MONT-CARMEL – Dozens of pickup trucks line the side of the road, unmistakably marking the gathering point of a pack of all-terrain vehicle enthusiasts.
© Ryan Cooke/Journal Pioneer
Norman Gallant, with his daughters Colleen (second right) and Kim stands beside a board dedicated to the memory of his wife, who lost her battle with cancer two years ago.
Beside the trucks, an icy path cuts through a thickly wooded area down to a clearing, with smoke billowing into the air and the scent of barbequed hotdogs lingering. In the clearing sits a cabin, bustling with people eating and getting ready for the big ride ahead.
Most people are smiling, as the adults mingle and talk while the kids play. Many, however, are smiling with heavy hearts.
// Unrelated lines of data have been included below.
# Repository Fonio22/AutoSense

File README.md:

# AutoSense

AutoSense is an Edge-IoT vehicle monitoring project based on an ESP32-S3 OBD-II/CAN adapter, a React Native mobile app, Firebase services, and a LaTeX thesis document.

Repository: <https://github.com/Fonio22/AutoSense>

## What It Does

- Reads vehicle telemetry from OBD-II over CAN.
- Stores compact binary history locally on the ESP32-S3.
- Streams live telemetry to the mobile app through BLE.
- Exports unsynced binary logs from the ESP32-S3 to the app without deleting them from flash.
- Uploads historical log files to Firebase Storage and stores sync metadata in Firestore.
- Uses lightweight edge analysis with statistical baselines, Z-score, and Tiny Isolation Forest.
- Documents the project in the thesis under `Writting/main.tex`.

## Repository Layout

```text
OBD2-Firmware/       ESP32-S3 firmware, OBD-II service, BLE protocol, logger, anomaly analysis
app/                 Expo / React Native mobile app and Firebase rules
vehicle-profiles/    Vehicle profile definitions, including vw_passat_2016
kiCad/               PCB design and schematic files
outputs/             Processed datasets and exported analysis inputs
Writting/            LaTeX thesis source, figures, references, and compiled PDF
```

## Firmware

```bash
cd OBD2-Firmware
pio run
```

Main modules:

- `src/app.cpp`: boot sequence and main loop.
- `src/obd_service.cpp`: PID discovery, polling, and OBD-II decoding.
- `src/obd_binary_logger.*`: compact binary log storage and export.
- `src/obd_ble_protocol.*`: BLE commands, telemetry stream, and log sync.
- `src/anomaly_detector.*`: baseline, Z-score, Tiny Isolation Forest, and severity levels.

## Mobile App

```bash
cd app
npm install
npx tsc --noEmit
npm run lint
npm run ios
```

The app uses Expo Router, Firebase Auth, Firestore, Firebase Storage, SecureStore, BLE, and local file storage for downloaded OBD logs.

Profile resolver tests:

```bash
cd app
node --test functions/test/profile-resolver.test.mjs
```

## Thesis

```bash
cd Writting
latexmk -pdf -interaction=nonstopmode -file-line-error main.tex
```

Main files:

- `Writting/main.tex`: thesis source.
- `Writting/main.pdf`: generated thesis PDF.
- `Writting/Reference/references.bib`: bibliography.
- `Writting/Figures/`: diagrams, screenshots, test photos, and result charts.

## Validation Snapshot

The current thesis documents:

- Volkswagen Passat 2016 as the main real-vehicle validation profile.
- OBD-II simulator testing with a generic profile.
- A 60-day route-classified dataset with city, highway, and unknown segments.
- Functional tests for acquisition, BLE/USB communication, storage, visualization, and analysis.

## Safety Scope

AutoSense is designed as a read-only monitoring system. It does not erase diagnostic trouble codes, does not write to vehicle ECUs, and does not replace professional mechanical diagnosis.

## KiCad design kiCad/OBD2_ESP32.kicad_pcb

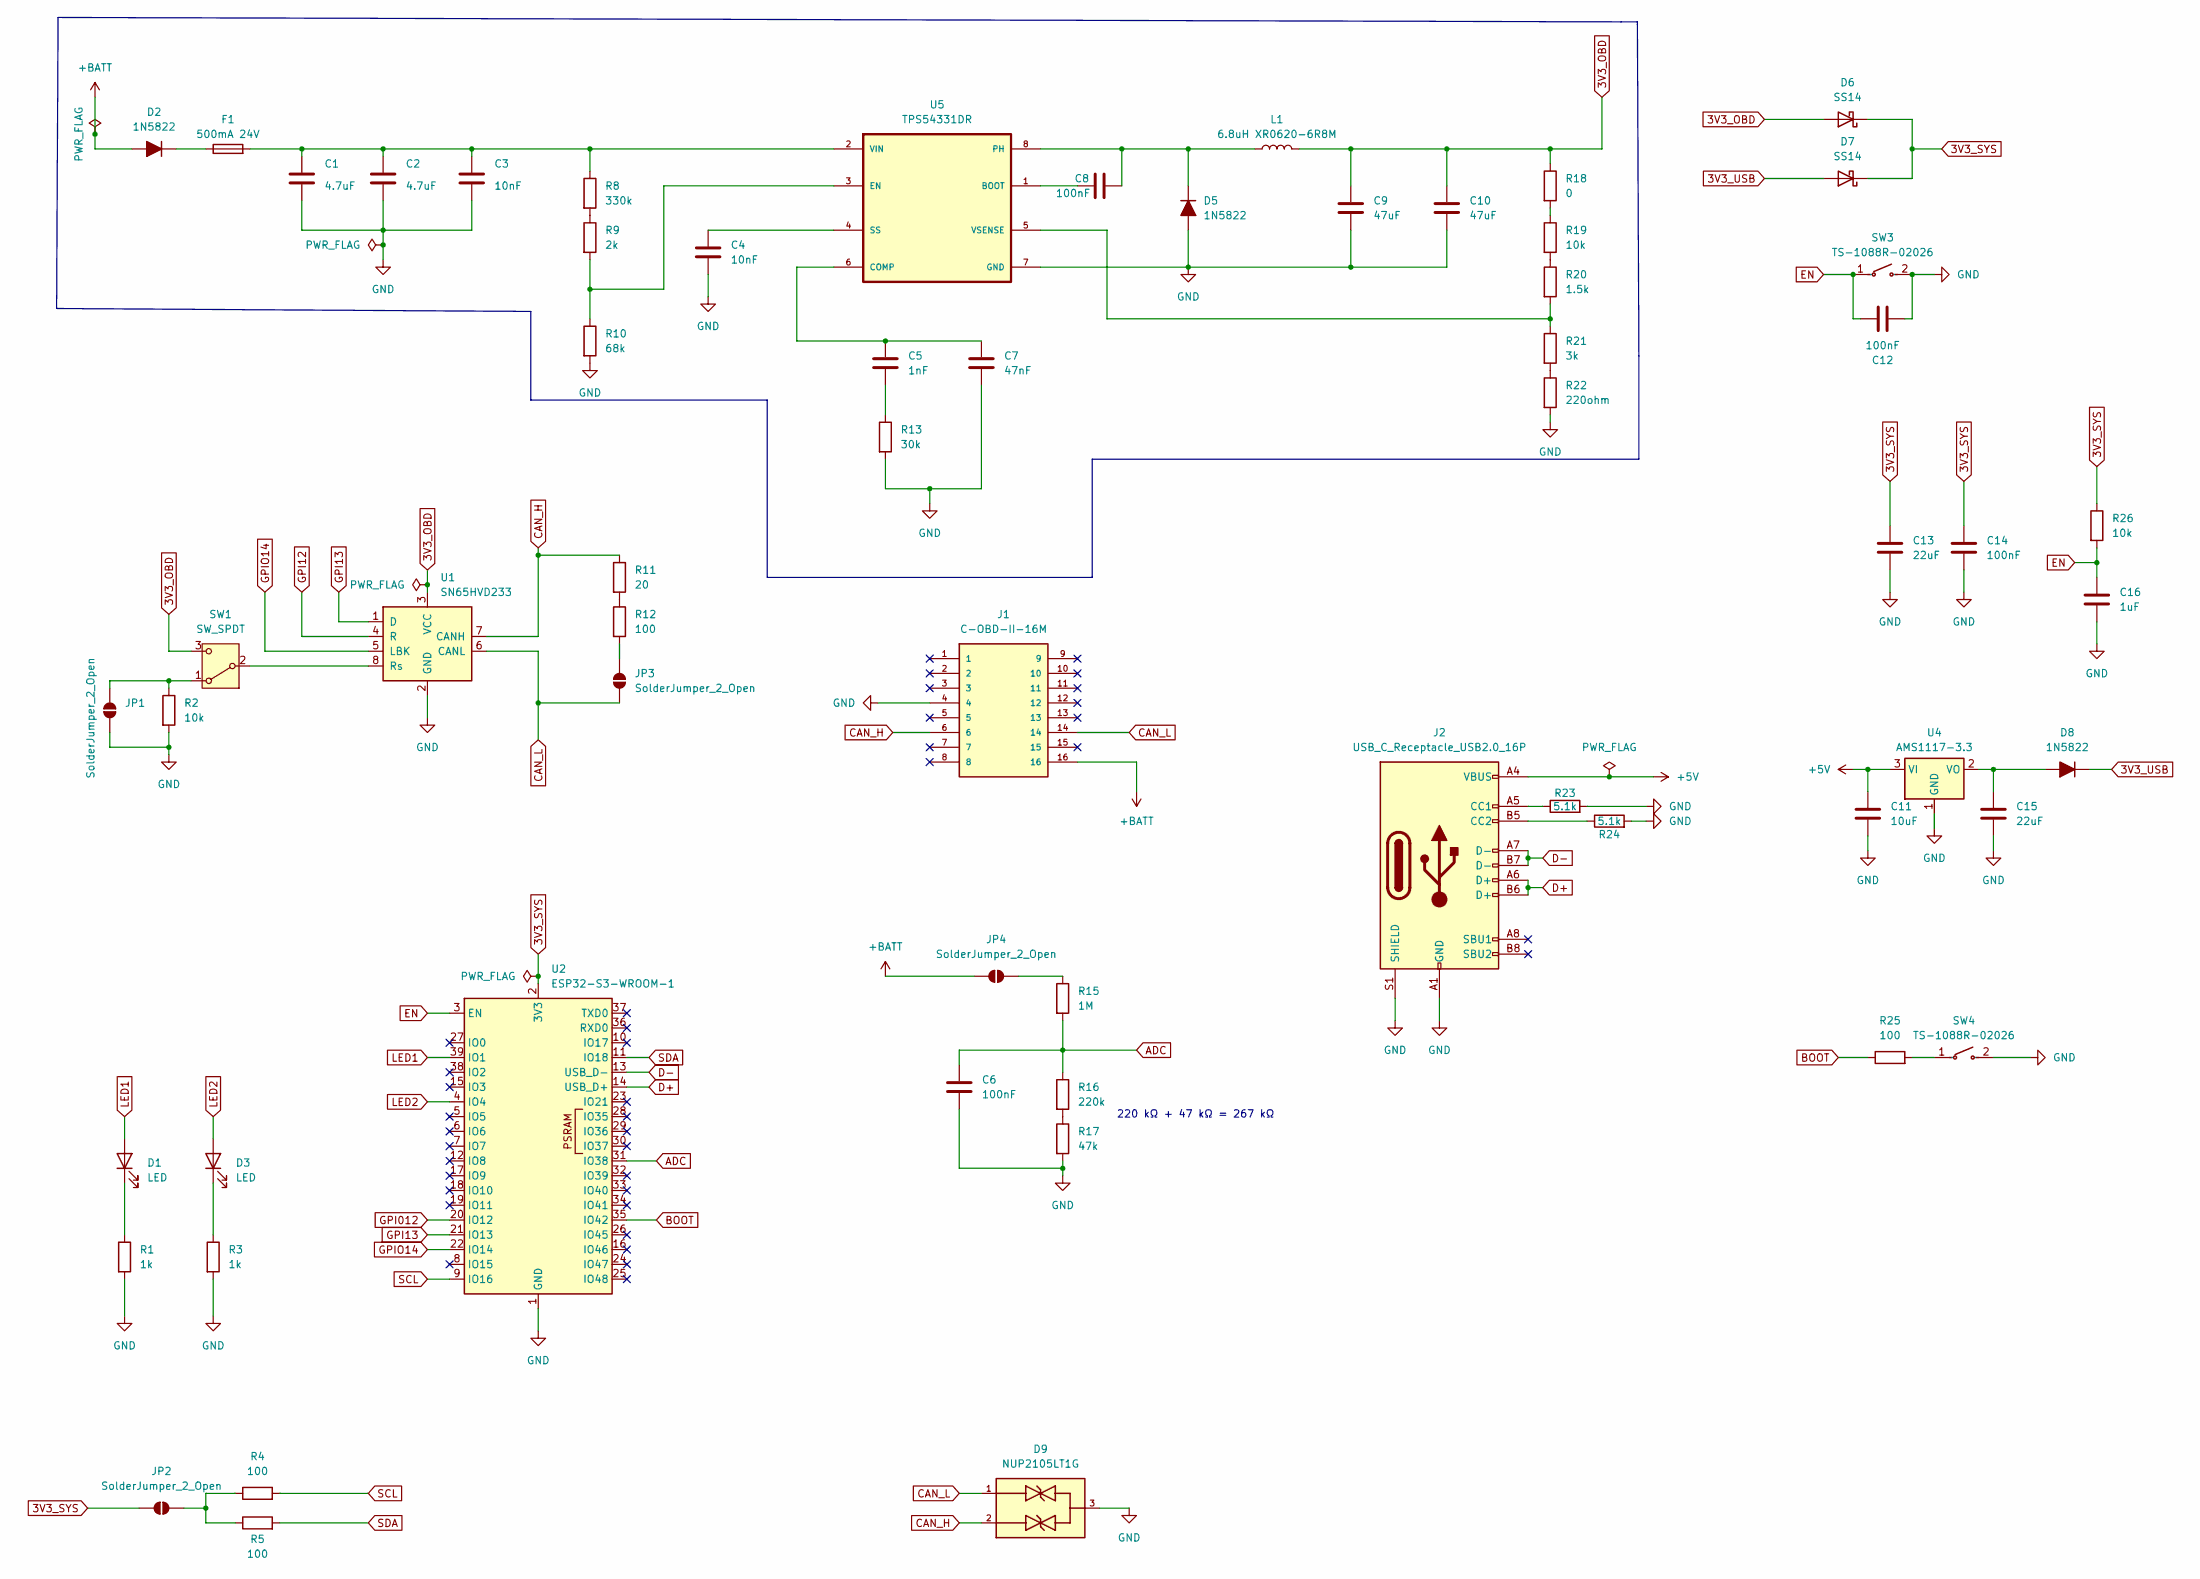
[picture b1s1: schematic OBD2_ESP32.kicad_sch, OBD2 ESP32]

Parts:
C1, C2: 4.7uF; C_0805_2012Metric_Pad1.18x1.45mm_HandSolder
C3, C4: 10nF; C_0805_2012Metric_Pad1.18x1.45mm_HandSolder
C5: 1nF; C_0805_2012Metric_Pad1.18x1.45mm_HandSolder
C6, C8, C12, C14: 100nF; C_0805_2012Metric_Pad1.18x1.45mm_HandSolder
C7: 47nF; C_0805_2012Metric_Pad1.18x1.45mm_HandSolder
C9, C10: 47uF; CP_EIA-7343-31_Kemet-D_HandSolder
C11: 10uF; C_0805_2012Metric_Pad1.18x1.45mm_HandSolder
C13, C15: 22uF; C_0805_2012Metric_Pad1.18x1.45mm_HandSolder
C16: 1uF; C_0805_2012Metric_Pad1.18x1.45mm_HandSolder
D1, D3: LED; LED_0805_2012Metric_Pad1.15x1.40mm_HandSolder
D2, D5, D8: 1N5822; D_SMA_Handsoldering
D6, D7: SS14; D_SMA
D9: NUP2105LT1G; SOT95P237X111-3N; PARTREV 10
F1: 500mA 24V; Fuse_1206_3216Metric_Pad1.42x1.75mm_HandSolder
J1: C-OBD-II-16M; COMTECH_C-OBD-II-16M; PARTREV A
J2: USB_C_Receptacle_USB2.0_16P; USB_C_Receptacle_GCT_USB4110
JP1, JP2, JP3, JP4: SolderJumper_2_Open; SolderJumper-2_P1.3mm_Open_Pad1.0x1.5mm
L1: 6.8uH XR0620-6R8M; L_APV_APH0620
R1, R3: 1k; R_0805_2012Metric_Pad1.20x1.40mm_HandSolder
R2, R19, R26: 10k; R_0805_2012Metric_Pad1.20x1.40mm_HandSolder
R4, R5, R12, R25: 100; R_0805_2012Metric_Pad1.20x1.40mm_HandSolder
R8: 330k; R_0805_2012Metric_Pad1.20x1.40mm_HandSolder
R9: 2k; R_0805_2012Metric_Pad1.20x1.40mm_HandSolder
R10: 68k; R_0805_2012Metric_Pad1.20x1.40mm_HandSolder
R11: 20; R_0805_2012Metric_Pad1.20x1.40mm_HandSolder
R13: 30k; R_0805_2012Metric_Pad1.20x1.40mm_HandSolder
R15: 1M; R_0805_2012Metric_Pad1.20x1.40mm_HandSolder
R16: 220k; R_0805_2012Metric_Pad1.20x1.40mm_HandSolder
R17: 47k; R_0805_2012Metric_Pad1.20x1.40mm_HandSolder
R18: 0; R_0805_2012Metric_Pad1.20x1.40mm_HandSolder
R20: 1.5k; R_0805_2012Metric_Pad1.20x1.40mm_HandSolder
R21: 3k; R_0805_2012Metric_Pad1.20x1.40mm_HandSolder
R22: 220ohm; R_0805_2012Metric_Pad1.20x1.40mm_HandSolder
R23, R24: 5.1k; R_0805_2012Metric_Pad1.20x1.40mm_HandSolder
SW1: SW_SPDT; SW_SPDT_Shouhan_MSK12C02
SW3, SW4: TS-1088R-02026; BUTTON TS-1088R-02026; Manufacturer Part TS-1088R-02026
U1: SN65HVD233; SOIC-8_3.9x4.9mm_P1.27mm
U2: ESP32-S3-WROOM-1
U4: AMS1117-3.3; SOT-223-3_TabPin2
U5: TPS54331DR; SOIC127P599X175-8N

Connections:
3V3_OBD: C9.1, C10.1, D6.2 (A), L1.2, R18.1, SW1.3 (C), U1.3 (VCC)
3V3_SYS: C13.1, C14.1, D6.1 (K), D7.1 (K), JP2.2 (B), R26.1, U2.2 (3V3)
3V3_USB: D7.2 (A), D8.1 (K)
+5V: C11.1, J2.A4 (VBUS), J2.A9 (VBUS), J2.B4 (VBUS), J2.B9 (VBUS), U4.3 (VI)
+BATT: D2.2 (A), J1.16, JP4.2 (B)
ADC: C6.1, R15.2, R16.1, U2.31 (IO38)
BOOT: R25.1, U2.35 (IO42)
CAN_H: D9.2, J1.6, R11.1, U1.7 (CANH)
CAN_L: D9.1, J1.14, JP3.1 (A), U1.6 (CANL)
D+: J2.A6 (D+), J2.B6 (D+), U2.14 (USB_D+)
D-: J2.A7 (D-), J2.B7 (D-), U2.13 (USB_D-)
EN: C12.1, C16.1, R26.2, SW3.1, U2.3 (EN)
GND: C1.2, C2.2, C3.2, C4.2, C6.2, C7.2, C9.2, C10.2, C11.2, C12.2, C13.2, C14.2, C15.2, C16.2, D5.2 (A), D9.3, J1.4, J2.A1 (GND), J2.A12 (GND), J2.B1 (GND), J2.B12 (GND), J2.S1 (SHIELD), JP1.1 (A), R1.2, R2.2, R3.2, R10.2, R13.2, R17.2, R22.2, R23.2, R24.2, SW3.2, SW4.2, U1.2 (GND), U2.1 (GND), U2.40 (GND), U2.41 (GND), U4.1 (GND), U5.7 (GND)
GPI05: U1.1 (D), U2.21 (IO13)
GPIO22: U1.5 (LBK), U2.22 (IO14)
LED1: D1.2 (A), U2.39 (IO1)
LED2: D3.2 (A), U2.4 (IO4)
unnamed: C5.2, R13.1
unnamed: D1.1 (K), R1.1
unnamed: D2.1 (K), F1.1
unnamed: D3.1 (K), R3.1
unnamed: C8.2, D5.1 (K), L1.1, U5.8 (PH)
unnamed: C15.1, D8.2 (A), U4.2 (VO)
unnamed: J2.A5 (CC1), R23.1
unnamed: J2.B5 (CC2), R24.1
unnamed: JP1.2 (B), R2.1, SW1.1 (A)
unnamed: JP2.1 (A), R4.1, R5.1
unnamed: JP3.2 (B), R12.2
unnamed: JP4.1 (A), R15.1
unnamed: R8.2, R9.1
unnamed: R11.2, R12.1
unnamed: R16.2, R17.1
unnamed: R18.2, R19.1
unnamed: R19.2, R20.1
unnamed: R21.2, R22.1
unnamed: R25.2, SW4.1
unnamed: SW1.2 (B), U1.8 (Rs)
unnamed: C8.1, U5.1 (BOOT)
unnamed: C5.1, C7.1, U5.6 (COMP)
unnamed: R9.2, R10.1, U5.3 (EN)
unnamed: C4.1, U5.4 (SS)
unnamed: C1.1, C2.1, C3.1, F1.2, R8.1, U5.2 (VIN)
unnamed: R20.2, R21.1, U5.5 (VSENSE)
SCL: R4.2, U2.9 (IO16)
SDA: R5.2, U2.11 (IO18)

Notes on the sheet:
220 kΩ + 47 kΩ = 267 kΩ

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
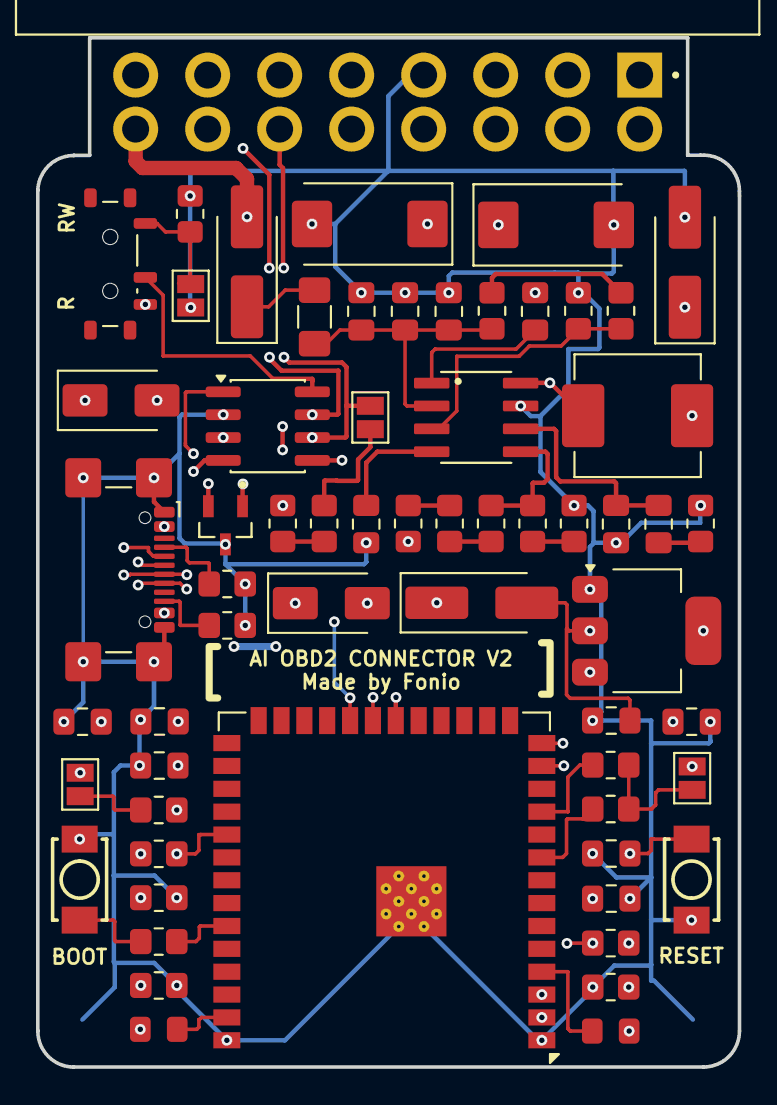
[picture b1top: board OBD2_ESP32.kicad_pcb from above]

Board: 4 copper layers, 39.0 x 57.2 mm, 62 parts (0 on the bottom side), 46 nets.

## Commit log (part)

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2026-06-14 Refactor code structure for improved readability and maintainability
2026-06-15 Update README and configuration for USB-CDC dashboard; remove UDP references
2026-06-15 Add UDS VAG Scanner and supporting tools
    - Implemented UdsVagScanner class for handling UDS communication with VAG modules.
    - Added audit_read_only_policy.py to enforce read-only policy for OBD and UDS services.
    - Introduced capture_obd_report.py for capturing and processing OBD reports from the serial dashboard.
    - Defined constants for safe and blocked OBD/UDS services.
    - Implemented functions for parsing and validating service requests and responses.
    - Added CSV output functionality for captured metrics and VAG module data.
2026-06-20 feat: add session provider and user data management
    - Implemented SessionProvider to manage user authentication state and profile data.
    - Created autosense-data module for user and trip data structures, including default values and utility functions.
    - Introduced firebase-client for Firebase initialization and secure storage handling.
    - Developed trip-tracking module for managing trip sessions, location updates, and trip document creation.
    - Added storage rules for user avatar uploads to Firebase Storage, ensuring proper authentication and file size/type validation.
2026-06-21 feat(obd): add vehicle profile management and telemetry hooks
    - Implemented profile caching in `profile-cache.ts` for saving and loading active vehicle profiles.
    - Created `useObdTelemetry` hook in `use-obd-telemetry.ts` for managing OBD telemetry data with demo mode support.
    - Defined vehicle profile structure and validation logic in `vehicle-profile.ts`, including SHA-256 hashing for integrity checks.
    - Added vehicle profiles for generic OBD2, OBD2 simulator, and VW Passat 2016, with metadata for easy access.
    - Documented vehicle profile usage and safety rules in `README.md`.
2026-06-27 refactor: remove trips layout and screen components; implement new trip detail and index screens
    - Deleted the old trips layout and index files.
    - Added a new trip detail screen with enhanced UI and functionality.
    - Introduced a new trips index screen to display trip statistics and list.
    - Updated app-tabs to remove the trips tab and adjust navigation logic.

The ride on Sunday afternoon was organized by the P.E.I. ATV Federation, and put together in honour of a dedicated member, Corinne Gallant, who lost her battle with cancer two years ago.
“Corinne was a big part of the organization,” said Daniel Richard, vice-president of the federation. “She was always here with her husband, Norman, dishing up food or helping out wherever she could.”
Richard calls out to a fellow member to take over barbequing as he goes inside to check on the registration numbers. In total, 59 ATVs have been registered as of the 1 p.m. start time, however, the sound of engines growing ever louder outside suggests more are on the way.
The cabin, built in 2009, was made to be a spot for the members to meet. Many friendships have been formed inside the four walls since then, many of which involved Corinne.
On a table inside sits a display dedicated to her memory. Photos of Corinne and her daughters, Kim and Colleen, fill up the display, as well as shots of her and Norman. In each photo, all four are smiling.
Standing just outside the door, Norman meets everybody who walks up to him with the same smile. It’s a bittersweet day, but he’s enjoying himself.
“It’s so nice to see everybody here,” he said. “I just saw there’s 59 here so far, so that’s great.”
When Richard came to him with the idea, Norman and his daughters were unanimous in agreeing to it. This clearing, the cabin, the ATVs – it all has a very special meaning for them.
“So often we would come here and play crib,” Norman said with a smile. “Best two-out-of-three.”
The riders later battled each other in an auction, with prizes ranging from helmets and tools, to lobster dinners. All proceeds will go to a charity to be determined later.
For the Gallant family, the day celebrates a person who will always be in their life.
“We were together for 40 years, so it was a shock to the system for me and my daughters,” Norman said.
After spending 20 of those years on the trails, Norman invited his wife for one more ride this afternoon.
“I went to the cemetery before I came here today to tell her. She would really enjoy this.”